### What you need to do
Within the entries below, please retype exactly the lines starting with the line that has "Commit message: re-route pcb" and going on through the line that has "- S2: footprint", but not the pictures.

━━ Records provided

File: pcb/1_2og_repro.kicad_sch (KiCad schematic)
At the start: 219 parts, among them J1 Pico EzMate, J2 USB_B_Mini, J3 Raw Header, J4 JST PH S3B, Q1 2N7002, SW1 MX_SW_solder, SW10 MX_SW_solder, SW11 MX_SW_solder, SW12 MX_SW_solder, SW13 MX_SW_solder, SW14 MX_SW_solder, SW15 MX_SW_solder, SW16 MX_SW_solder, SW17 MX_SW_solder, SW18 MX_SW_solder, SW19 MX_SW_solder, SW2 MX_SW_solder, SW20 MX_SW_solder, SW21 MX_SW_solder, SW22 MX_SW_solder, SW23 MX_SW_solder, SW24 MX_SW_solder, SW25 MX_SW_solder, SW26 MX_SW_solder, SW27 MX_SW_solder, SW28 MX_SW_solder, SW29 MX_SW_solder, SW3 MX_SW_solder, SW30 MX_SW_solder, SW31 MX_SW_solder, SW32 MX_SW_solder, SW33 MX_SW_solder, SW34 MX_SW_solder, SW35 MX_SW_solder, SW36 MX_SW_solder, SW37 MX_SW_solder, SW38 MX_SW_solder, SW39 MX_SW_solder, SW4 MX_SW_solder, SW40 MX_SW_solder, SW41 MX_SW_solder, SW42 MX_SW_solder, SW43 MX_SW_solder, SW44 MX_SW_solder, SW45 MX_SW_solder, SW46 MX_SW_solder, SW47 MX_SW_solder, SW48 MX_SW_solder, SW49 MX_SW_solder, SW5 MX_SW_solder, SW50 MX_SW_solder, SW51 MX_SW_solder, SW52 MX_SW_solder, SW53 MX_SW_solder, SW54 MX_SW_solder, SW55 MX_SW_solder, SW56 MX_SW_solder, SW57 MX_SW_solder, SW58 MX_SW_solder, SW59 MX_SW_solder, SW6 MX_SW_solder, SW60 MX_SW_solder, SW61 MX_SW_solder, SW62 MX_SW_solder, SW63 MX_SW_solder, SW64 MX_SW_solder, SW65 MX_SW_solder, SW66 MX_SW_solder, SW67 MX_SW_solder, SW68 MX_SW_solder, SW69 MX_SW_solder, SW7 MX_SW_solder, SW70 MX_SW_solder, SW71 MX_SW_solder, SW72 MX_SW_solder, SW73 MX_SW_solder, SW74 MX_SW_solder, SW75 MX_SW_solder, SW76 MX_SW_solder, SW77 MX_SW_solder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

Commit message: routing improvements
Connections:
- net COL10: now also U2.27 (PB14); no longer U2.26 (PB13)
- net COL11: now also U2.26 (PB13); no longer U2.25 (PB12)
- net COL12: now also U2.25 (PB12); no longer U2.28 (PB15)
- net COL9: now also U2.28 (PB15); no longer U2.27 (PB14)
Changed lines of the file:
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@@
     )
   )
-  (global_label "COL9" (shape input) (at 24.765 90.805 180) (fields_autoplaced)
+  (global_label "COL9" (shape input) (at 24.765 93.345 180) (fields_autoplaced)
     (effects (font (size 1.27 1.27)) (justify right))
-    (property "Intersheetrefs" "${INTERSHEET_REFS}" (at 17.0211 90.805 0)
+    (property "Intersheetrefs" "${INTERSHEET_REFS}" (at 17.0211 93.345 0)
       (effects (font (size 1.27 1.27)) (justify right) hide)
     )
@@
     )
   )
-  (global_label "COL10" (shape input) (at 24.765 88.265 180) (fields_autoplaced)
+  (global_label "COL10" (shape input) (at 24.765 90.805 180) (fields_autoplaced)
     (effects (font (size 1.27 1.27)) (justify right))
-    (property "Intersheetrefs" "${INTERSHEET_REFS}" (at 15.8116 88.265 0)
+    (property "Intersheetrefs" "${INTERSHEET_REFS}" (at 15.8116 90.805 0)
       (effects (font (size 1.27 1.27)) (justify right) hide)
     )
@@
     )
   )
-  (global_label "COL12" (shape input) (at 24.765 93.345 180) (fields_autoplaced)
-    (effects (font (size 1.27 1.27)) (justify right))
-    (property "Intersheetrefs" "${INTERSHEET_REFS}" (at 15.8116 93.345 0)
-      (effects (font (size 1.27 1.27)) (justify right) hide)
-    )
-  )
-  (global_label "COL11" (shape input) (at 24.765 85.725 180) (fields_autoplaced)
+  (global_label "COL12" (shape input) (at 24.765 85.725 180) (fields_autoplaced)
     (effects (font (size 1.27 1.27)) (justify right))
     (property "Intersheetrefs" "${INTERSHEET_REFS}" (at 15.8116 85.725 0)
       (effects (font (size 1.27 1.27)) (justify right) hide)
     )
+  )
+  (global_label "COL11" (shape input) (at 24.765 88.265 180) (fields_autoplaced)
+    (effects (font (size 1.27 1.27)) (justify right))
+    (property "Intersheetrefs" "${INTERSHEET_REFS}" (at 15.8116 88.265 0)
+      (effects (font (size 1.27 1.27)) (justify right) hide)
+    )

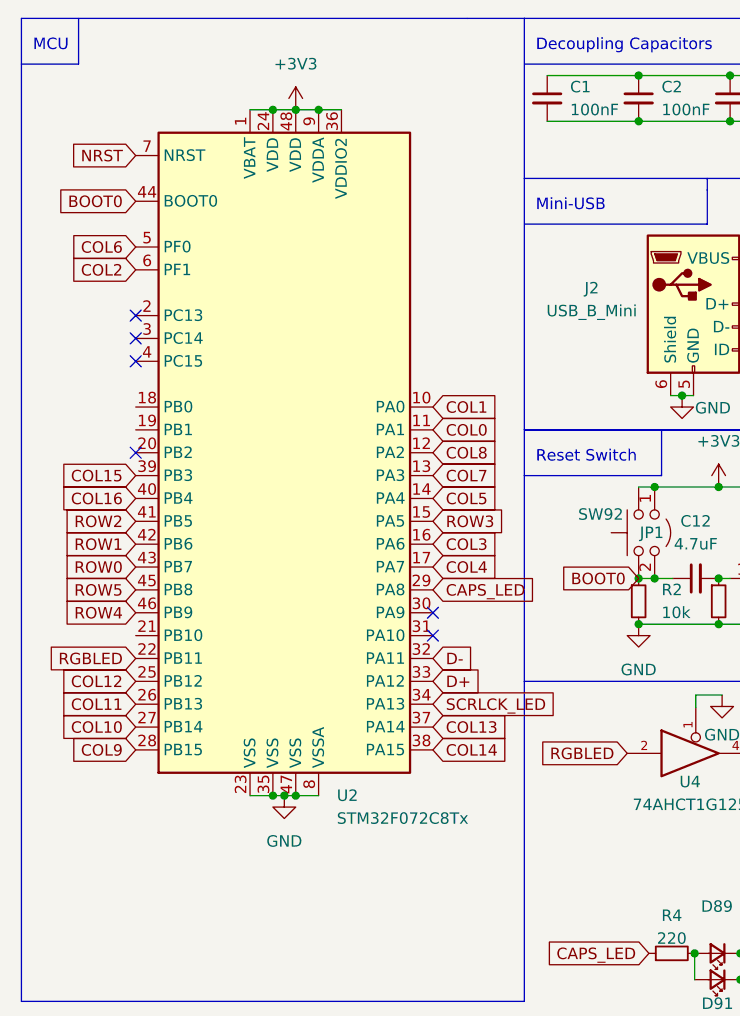
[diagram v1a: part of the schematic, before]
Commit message: fix 3v3 connections to mcu
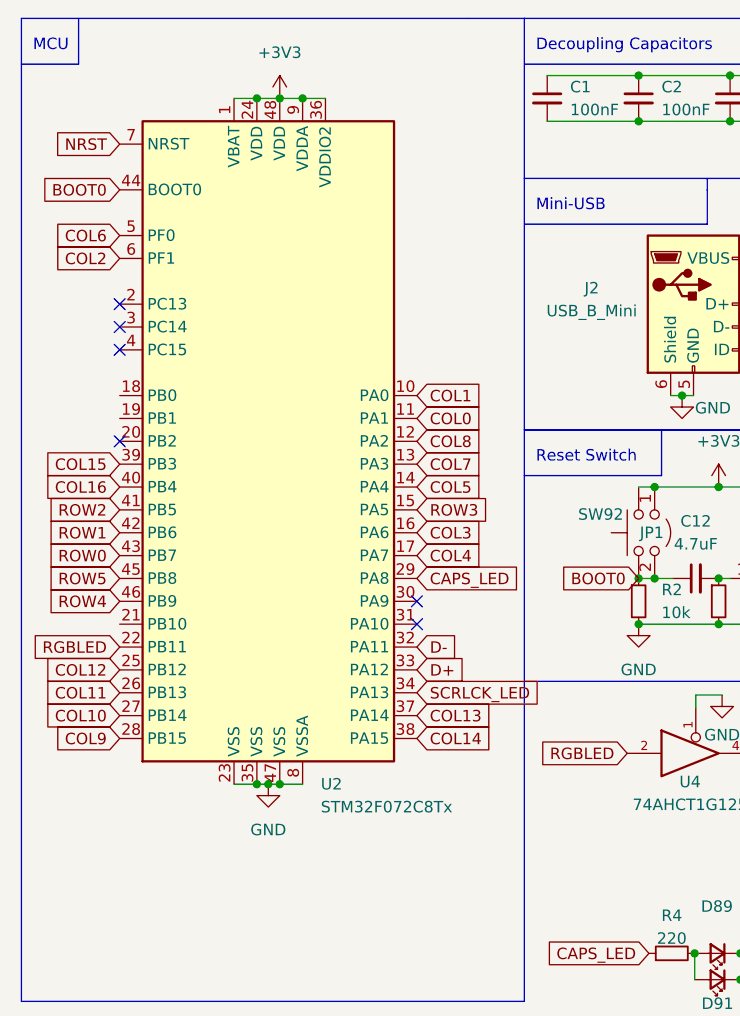
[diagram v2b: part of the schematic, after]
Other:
- moved on the sheet: U2

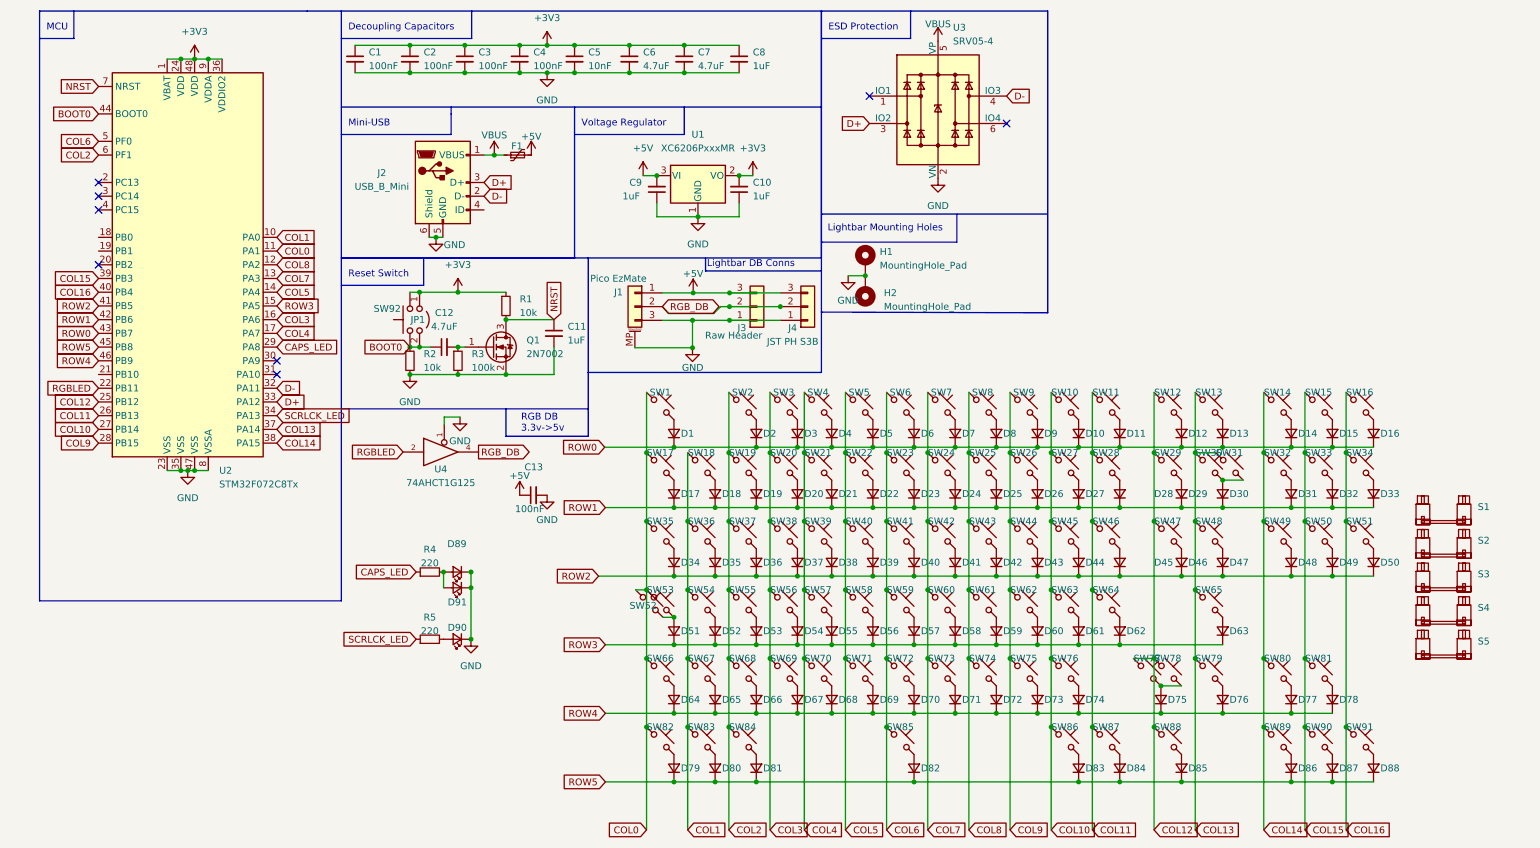
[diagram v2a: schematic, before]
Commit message: re-route pcb
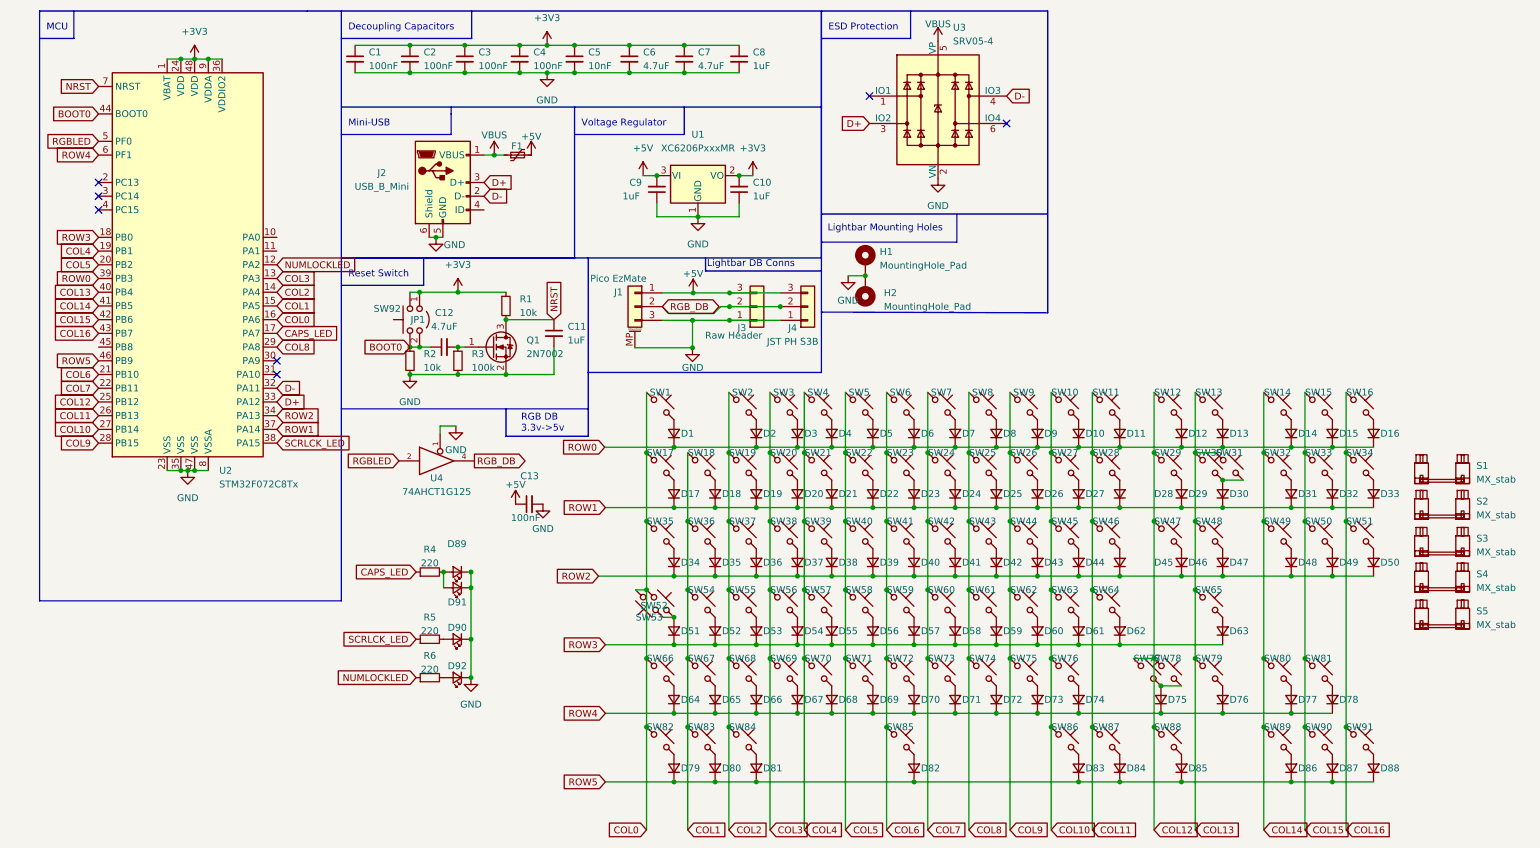
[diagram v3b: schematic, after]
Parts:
- added D92: LED_Small, marbastlib-mx:LED_MX_3mm, symbol Device:LED_Small
- added R6: 220, Resistor_SMD:R_0402_1005Metric, symbol Device:R_Small
- S2: footprint marbastlib-mx:STAB_MX_P_2.75u -> marbastlib-mx:STAB_MX_2.25u
- S4: footprint marbastlib-mx:STAB_MX_2.25u -> marbastlib-mx:STAB_MX_P_2.75u
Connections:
- net CAPS_LED: now also U2.17 (PA7); no longer U2.29 (PA8)
- net COL0: now also SW53.2, U2.16 (PA6); no longer SW53.1, U2.11 (PA1)
- net COL1: now also U2.15 (PA5); no longer U2.10 (PA0)
- net COL13: now also U2.40 (PB4); no longer U2.37 (PA14)
- net COL14: now also U2.41 (PB5); no longer U2.38 (PA15)
- net COL15: now also U2.42 (PB6); no longer U2.39 (PB3)
- net COL16: now also U2.43 (PB7); no longer U2.40 (PB4)
- net COL2: now also U2.14 (PA4); no longer U2.6 (PF1)
- net COL3: now also U2.13 (PA3); no longer U2.16 (PA6)
- net COL4: now also U2.19 (PB1); no longer U2.17 (PA7)
- net COL5: now also U2.20 (PB2); no longer U2.14 (PA4)
- net COL6: now also U2.21 (PB10); no longer U2.5 (PF0)
- net COL7: now also U2.22 (PB11); no longer U2.13 (PA3)
- net COL8: now also U2.29 (PA8); no longer U2.12 (PA2)
- net GND: now also D92.1 (K)
- net RGBLED: now also U2.5 (PF0); no longer U2.22 (PB11)
- net ROW0: now also U2.39 (PB3); no longer U2.43 (PB7)
- net ROW1: now also U2.37 (PA14); no longer U2.42 (PB6)
- net ROW2: now also U2.34 (PA13); no longer U2.41 (PB5)
- net ROW3: now also U2.18 (PB0); no longer U2.15 (PA5)
- net ROW4: now also U2.6 (PF1); no longer U2.46 (PB9)
- net ROW5: now also U2.46 (PB9); no longer U2.45 (PB8)
- net SCRLCK_LED: now also U2.38 (PA15); no longer U2.34 (PA13)
- net at D51.2 (A), SW52.2: now also SW53.1; no longer SW53.2
- new net: D92.2 (A), R6.2
- new net NUMLOCKLED: R6.1, U2.12 (PA2)
- no-connect marks 8 -> 7
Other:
- moved on the sheet: C13, SW52, SW53, U4

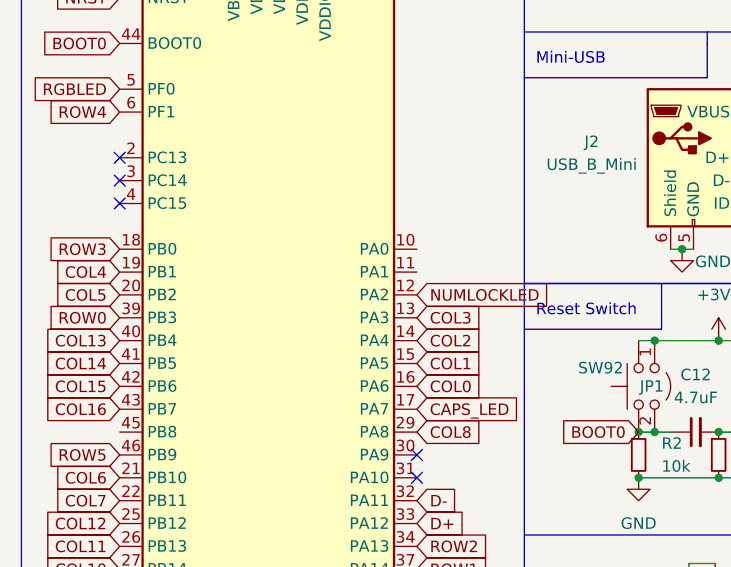
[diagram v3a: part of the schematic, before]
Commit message: do not use PB2 as column pin
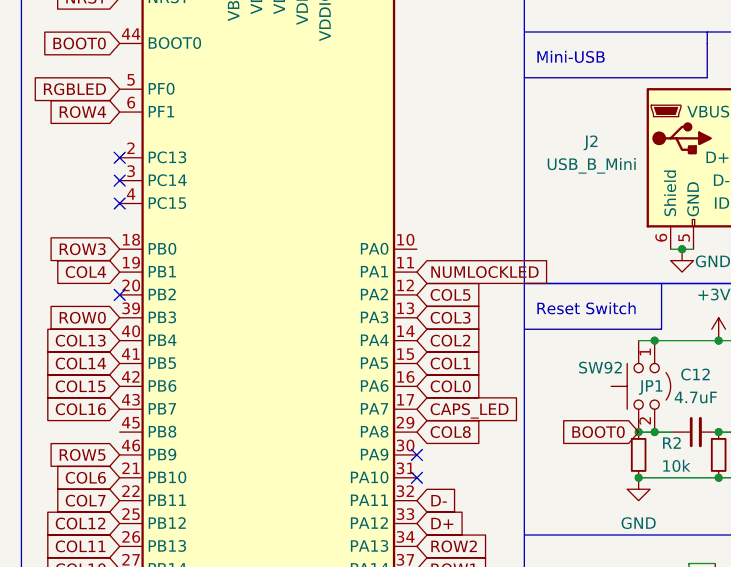
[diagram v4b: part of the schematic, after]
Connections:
- net COL5: now also U2.12 (PA2); no longer U2.20 (PB2)
- net NUMLOCKLED: now also U2.11 (PA1); no longer U2.12 (PA2)
- no-connect marks 7 -> 8
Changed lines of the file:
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@@
   (no_connect (at 165.735 27.813))
   (no_connect (at 22.987 43.815))
+  (no_connect (at 22.987 59.055))
   (no_connect (at 22.987 48.895))
   (no_connect (at 191.135 32.893))
@@
     )
   )
-  (global_label "COL5" (shape input) (at 22.987 59.055 180) (fields_autoplaced)
-    (effects (font (size 1.27 1.27)) (justify right))
-    (property "Intersheetrefs" "${INTERSHEET_REFS}" (at 15.2431 59.055 0)
-      (effects (font (size 1.27 1.27)) (justify right) hide)
+  (global_label "COL5" (shape input) (at 56.007 59.055 0) (fields_autoplaced)
+    (effects (font (size 1.27 1.27)) (justify left))
+    (property "Intersheetrefs" "${INTERSHEET_REFS}" (at 63.7509 59.055 0)
+      (effects (font (size 1.27 1.27)) (justify left) hide)
     )
   )
@@
     )
   )
-  (global_label "NUMLOCKLED" (shape input) (at 56.007 59.055 0) (fields_autoplaced)
-    (effects (font (size 1.27 1.27)) (justify left))
-    (property "Intersheetrefs" "${INTERSHEET_REFS}" (at 71.3709 59.055 0)
-      (effects (font (size 1.27 1.27)) (justify left) hide)
-    )
+  (global_label "NUMLOCKLED" (shape input) (at 56.007 56.515 0) (fields_autoplaced)
+    (effects (font (size 1.27 1.27)) (justify left))
+    (property "Intersheetrefs" "${INTERSHEET_REFS}" (at 71.3709 56.515 0)
+      (effects (font (size 1.27 1.27)) (justify left) hide)
+    )

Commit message: simplify
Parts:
- removed C12: 4.7uF, Capacitor_SMD:C_0402_1005Metric, symbol Device:C_Small
- removed Q1: 2N7002, Package_TO_SOT_SMD:SOT-23, symbol Transistor_FET:2N7002
- removed R5, R6: 220, Resistor_SMD:R_0402_1005Metric, symbol Device:R_Small
- removed SW92: SW_Push, Button_Switch_SMD:SW_SPST_TL3342, symbol Switch:SW_Push
- added J5: Foam, Connector_Wire:SolderWirePad_1x01_SMD_5x10mm, symbol Connector_Generic:Conn_01x01
- C11: value 1uF -> 100nF
- D90: footprint marbastlib-mx:LED_MX_3mm -> marbastlib-mx:LED_MX_3mm-ROT
- D91: footprint marbastlib-mx:LED_MX_3mm-ROT -> marbastlib-mx:LED_MX_3mm
- R2: value 10k -> 220
- R3: value 100k -> 220
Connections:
- net +3V3: no longer R1.1
- net BOOT0: now also R1.2; no longer R2.1
- net CAPS_LED: now also R2.1; no longer R4.1
- net GND: now also R1.1, J5.1 (Pin_1); no longer R2.2, R3.2
- net NRST: no longer R1.2
- net NUMLOCKLED: now also R4.1
- net SCRLCK_LED: now also R3.1
- net at D92.2 (A): now also R4.2
- net at D90.2 (A): now also D89.2 (A), R2.2
- new net: D91.2 (A), R3.2
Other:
- note added: "Reset Circuit"
- note removed: "Reset Switch"
- moved on the sheet: C11, JP1, R1

━━━━

### Solution
Commit message: re-route pcb
[diagram v3b: schematic, after]
Parts:
- added D92: LED_Small, marbastlib-mx:LED_MX_3mm, symbol Device:LED_Small
- added R6: 220, Resistor_SMD:R_0402_1005Metric, symbol Device:R_Small
- S2: footprint marbastlib-mx:STAB_MX_P_2.75u -> marbastlib-mx:STAB_MX_2.25u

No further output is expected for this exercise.